The days between Christmas and New Year are my favourite of the season, an emptiness into which hours tumble as life remains on hold. A Swedish friend told me that this time is known as mellandagarna in his country: the between-days.
Looking back through mellandagarna past, I noticed a theme: our family likes to walk between the years. My photo library records that for the last eight years or more, we’ve filled those quiet days with walks. Under clear skies and grey, through mud and through snow, we’ve unintentionally worn this path of tradition through our lives.

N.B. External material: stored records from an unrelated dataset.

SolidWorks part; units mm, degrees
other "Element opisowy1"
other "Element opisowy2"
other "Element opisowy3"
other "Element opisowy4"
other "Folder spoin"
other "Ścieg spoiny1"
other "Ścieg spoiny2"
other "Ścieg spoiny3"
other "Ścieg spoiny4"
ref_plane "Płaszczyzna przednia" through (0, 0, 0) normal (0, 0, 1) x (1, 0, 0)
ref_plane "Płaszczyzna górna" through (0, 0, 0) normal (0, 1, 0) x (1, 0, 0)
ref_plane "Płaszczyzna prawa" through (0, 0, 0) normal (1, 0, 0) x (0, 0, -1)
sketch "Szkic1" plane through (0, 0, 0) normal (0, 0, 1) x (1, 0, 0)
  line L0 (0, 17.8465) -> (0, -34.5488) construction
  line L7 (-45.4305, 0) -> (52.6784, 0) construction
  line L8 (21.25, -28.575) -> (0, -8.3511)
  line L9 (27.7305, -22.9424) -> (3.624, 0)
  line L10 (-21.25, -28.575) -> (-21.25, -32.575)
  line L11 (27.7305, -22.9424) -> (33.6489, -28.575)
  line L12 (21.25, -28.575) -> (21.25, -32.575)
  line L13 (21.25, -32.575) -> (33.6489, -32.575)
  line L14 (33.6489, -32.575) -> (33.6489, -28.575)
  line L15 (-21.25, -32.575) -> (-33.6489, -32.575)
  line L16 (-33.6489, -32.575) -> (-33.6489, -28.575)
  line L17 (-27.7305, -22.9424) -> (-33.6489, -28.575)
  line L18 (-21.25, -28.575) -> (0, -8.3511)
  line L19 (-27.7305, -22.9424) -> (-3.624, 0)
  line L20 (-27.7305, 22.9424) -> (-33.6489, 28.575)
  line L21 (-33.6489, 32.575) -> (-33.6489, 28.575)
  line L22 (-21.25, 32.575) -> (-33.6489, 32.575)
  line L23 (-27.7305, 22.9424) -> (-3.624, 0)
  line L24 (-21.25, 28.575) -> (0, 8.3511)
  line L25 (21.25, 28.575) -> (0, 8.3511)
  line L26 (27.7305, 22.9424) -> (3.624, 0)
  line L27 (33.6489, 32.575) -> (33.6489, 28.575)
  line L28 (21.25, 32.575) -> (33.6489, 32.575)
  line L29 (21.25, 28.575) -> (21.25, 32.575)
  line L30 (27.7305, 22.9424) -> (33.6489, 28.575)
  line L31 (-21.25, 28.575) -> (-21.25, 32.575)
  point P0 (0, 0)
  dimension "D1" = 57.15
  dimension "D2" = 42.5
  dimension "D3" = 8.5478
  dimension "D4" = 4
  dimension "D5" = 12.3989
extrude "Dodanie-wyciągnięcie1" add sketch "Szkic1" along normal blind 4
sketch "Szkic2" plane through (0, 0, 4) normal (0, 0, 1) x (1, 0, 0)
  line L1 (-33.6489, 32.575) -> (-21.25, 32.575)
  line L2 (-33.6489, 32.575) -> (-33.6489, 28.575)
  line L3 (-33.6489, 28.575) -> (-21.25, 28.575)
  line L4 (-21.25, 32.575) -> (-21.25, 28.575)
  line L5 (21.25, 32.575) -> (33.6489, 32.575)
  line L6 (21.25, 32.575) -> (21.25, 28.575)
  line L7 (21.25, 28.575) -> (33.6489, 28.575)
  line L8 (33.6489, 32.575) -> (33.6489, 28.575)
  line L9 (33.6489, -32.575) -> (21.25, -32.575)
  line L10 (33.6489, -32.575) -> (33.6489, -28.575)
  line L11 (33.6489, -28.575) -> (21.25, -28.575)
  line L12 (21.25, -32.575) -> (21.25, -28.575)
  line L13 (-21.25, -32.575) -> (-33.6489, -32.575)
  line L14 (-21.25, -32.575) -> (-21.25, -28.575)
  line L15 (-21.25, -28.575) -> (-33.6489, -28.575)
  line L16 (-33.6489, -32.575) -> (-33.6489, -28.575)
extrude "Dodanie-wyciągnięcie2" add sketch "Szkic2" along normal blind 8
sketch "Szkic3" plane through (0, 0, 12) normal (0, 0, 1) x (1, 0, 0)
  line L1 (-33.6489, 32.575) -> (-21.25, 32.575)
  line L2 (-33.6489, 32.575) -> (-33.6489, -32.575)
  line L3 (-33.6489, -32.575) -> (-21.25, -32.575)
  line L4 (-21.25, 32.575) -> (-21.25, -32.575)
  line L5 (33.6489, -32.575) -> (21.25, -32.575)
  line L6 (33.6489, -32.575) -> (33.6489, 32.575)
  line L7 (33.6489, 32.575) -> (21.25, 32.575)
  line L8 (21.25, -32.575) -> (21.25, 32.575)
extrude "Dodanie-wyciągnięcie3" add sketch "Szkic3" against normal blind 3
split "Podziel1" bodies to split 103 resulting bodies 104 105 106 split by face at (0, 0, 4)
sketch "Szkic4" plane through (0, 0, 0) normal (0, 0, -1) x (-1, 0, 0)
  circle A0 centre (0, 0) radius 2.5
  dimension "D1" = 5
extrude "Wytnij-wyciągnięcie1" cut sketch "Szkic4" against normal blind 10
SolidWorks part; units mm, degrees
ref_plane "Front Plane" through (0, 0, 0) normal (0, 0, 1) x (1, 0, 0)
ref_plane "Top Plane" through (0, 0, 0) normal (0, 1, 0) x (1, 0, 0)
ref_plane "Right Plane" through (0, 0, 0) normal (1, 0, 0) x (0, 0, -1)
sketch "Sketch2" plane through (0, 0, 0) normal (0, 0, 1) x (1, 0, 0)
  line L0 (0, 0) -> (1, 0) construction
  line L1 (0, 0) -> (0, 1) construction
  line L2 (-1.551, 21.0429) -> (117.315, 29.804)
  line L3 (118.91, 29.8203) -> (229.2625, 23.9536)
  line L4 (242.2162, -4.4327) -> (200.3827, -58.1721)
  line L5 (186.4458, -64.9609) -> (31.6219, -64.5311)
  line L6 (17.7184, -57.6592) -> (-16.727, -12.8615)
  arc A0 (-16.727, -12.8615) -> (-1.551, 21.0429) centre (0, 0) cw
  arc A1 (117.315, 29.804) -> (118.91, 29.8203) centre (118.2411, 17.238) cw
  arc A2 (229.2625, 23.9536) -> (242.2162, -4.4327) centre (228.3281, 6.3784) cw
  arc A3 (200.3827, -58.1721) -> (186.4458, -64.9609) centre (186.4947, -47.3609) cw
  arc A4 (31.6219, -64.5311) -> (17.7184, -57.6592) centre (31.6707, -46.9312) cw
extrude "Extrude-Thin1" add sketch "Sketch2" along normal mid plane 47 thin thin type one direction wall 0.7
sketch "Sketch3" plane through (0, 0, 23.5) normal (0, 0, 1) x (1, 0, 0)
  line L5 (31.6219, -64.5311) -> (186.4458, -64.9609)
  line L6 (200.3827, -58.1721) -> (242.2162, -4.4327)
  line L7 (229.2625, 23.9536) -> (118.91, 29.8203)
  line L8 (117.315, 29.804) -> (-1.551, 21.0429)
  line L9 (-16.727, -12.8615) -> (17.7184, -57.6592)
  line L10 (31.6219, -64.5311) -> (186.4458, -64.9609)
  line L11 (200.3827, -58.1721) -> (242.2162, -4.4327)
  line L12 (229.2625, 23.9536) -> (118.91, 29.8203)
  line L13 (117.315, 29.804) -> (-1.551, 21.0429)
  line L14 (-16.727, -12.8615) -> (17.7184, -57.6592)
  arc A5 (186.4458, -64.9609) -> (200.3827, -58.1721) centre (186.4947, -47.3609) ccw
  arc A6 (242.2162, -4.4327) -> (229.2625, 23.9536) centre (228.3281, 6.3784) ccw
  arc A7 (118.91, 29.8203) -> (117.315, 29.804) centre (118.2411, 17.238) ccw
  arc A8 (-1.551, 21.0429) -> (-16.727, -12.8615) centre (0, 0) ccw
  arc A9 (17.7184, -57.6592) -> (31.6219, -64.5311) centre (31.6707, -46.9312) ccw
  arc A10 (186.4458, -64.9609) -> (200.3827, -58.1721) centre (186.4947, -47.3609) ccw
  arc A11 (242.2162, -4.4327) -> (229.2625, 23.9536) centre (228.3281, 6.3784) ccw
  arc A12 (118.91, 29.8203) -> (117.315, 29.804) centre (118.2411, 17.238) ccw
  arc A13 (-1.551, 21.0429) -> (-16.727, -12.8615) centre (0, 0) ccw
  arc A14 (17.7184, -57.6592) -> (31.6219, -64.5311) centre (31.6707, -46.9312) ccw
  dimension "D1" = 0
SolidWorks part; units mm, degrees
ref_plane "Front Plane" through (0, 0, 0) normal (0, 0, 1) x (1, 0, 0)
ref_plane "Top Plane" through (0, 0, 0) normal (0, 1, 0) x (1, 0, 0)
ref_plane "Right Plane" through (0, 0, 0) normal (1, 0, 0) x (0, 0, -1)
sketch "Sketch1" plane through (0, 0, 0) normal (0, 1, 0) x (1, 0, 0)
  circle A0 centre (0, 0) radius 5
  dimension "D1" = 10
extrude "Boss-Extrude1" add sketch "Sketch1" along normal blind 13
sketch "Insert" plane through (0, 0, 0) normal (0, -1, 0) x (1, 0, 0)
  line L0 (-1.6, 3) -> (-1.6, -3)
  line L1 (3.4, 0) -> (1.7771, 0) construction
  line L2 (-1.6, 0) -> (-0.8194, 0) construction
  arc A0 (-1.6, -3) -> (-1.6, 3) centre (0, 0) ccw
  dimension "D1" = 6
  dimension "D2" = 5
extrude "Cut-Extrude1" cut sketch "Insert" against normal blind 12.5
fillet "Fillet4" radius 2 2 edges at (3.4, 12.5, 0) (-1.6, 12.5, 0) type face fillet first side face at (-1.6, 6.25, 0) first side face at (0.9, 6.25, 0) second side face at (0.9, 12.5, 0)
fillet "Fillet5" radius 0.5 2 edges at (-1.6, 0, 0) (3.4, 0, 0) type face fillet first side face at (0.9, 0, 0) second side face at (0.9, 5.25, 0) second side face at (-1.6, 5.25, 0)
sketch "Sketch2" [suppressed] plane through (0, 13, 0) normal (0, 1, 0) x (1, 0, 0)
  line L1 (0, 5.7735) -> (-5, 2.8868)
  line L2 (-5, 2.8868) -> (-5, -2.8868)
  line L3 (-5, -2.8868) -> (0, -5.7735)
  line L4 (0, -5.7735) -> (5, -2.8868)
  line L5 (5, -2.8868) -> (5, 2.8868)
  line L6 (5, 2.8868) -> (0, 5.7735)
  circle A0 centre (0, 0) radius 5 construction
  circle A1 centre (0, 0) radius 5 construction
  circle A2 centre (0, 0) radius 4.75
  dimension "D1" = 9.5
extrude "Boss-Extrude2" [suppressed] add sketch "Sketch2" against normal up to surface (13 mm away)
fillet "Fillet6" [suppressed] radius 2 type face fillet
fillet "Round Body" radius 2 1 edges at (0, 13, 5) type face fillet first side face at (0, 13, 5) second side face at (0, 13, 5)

This year, the impending New Year brought clear skies and vermillion sunsets. We walked and stood on the hills until the temperature fell with the sun.In 2024, a series of temperature inversions turned the world upside down. Each morning, we’d set off up the hill through the clouds and emerge onto sunlit islands.In 2023, we felt the urge to move our legs despite the pouring rain and sodden ground. The desire to walk paths, to make lines on the world, is fundamentally human.In 2022, we walked one of our regular ways, signposted by this tree. It has clearly experienced some trauma, but has kept reaching up, undaunted.In 2021, ahead of the Covid lockdown, we walked the Dales Way Link from Bramhope to Otley Chevin. It was bleak, but better than what lay ahead in lockdown.In 2020, snowfall rounded off a year of lockdowns and anxiety. Our world shrank even more, but delightfully so: to footprints in the snow and the hot chocolate waiting at home.In 2019, we met up with family from New Zealand and walked the deserted Cherwell Down. It was a parting of the ways; I may not get the chance to see some of those relations again.In 2018, we walked out of Leeds – following the Dales Way extension through the edgelands. It was the start of a journey we’re still undertaking, one that will eventually end in The Lakes.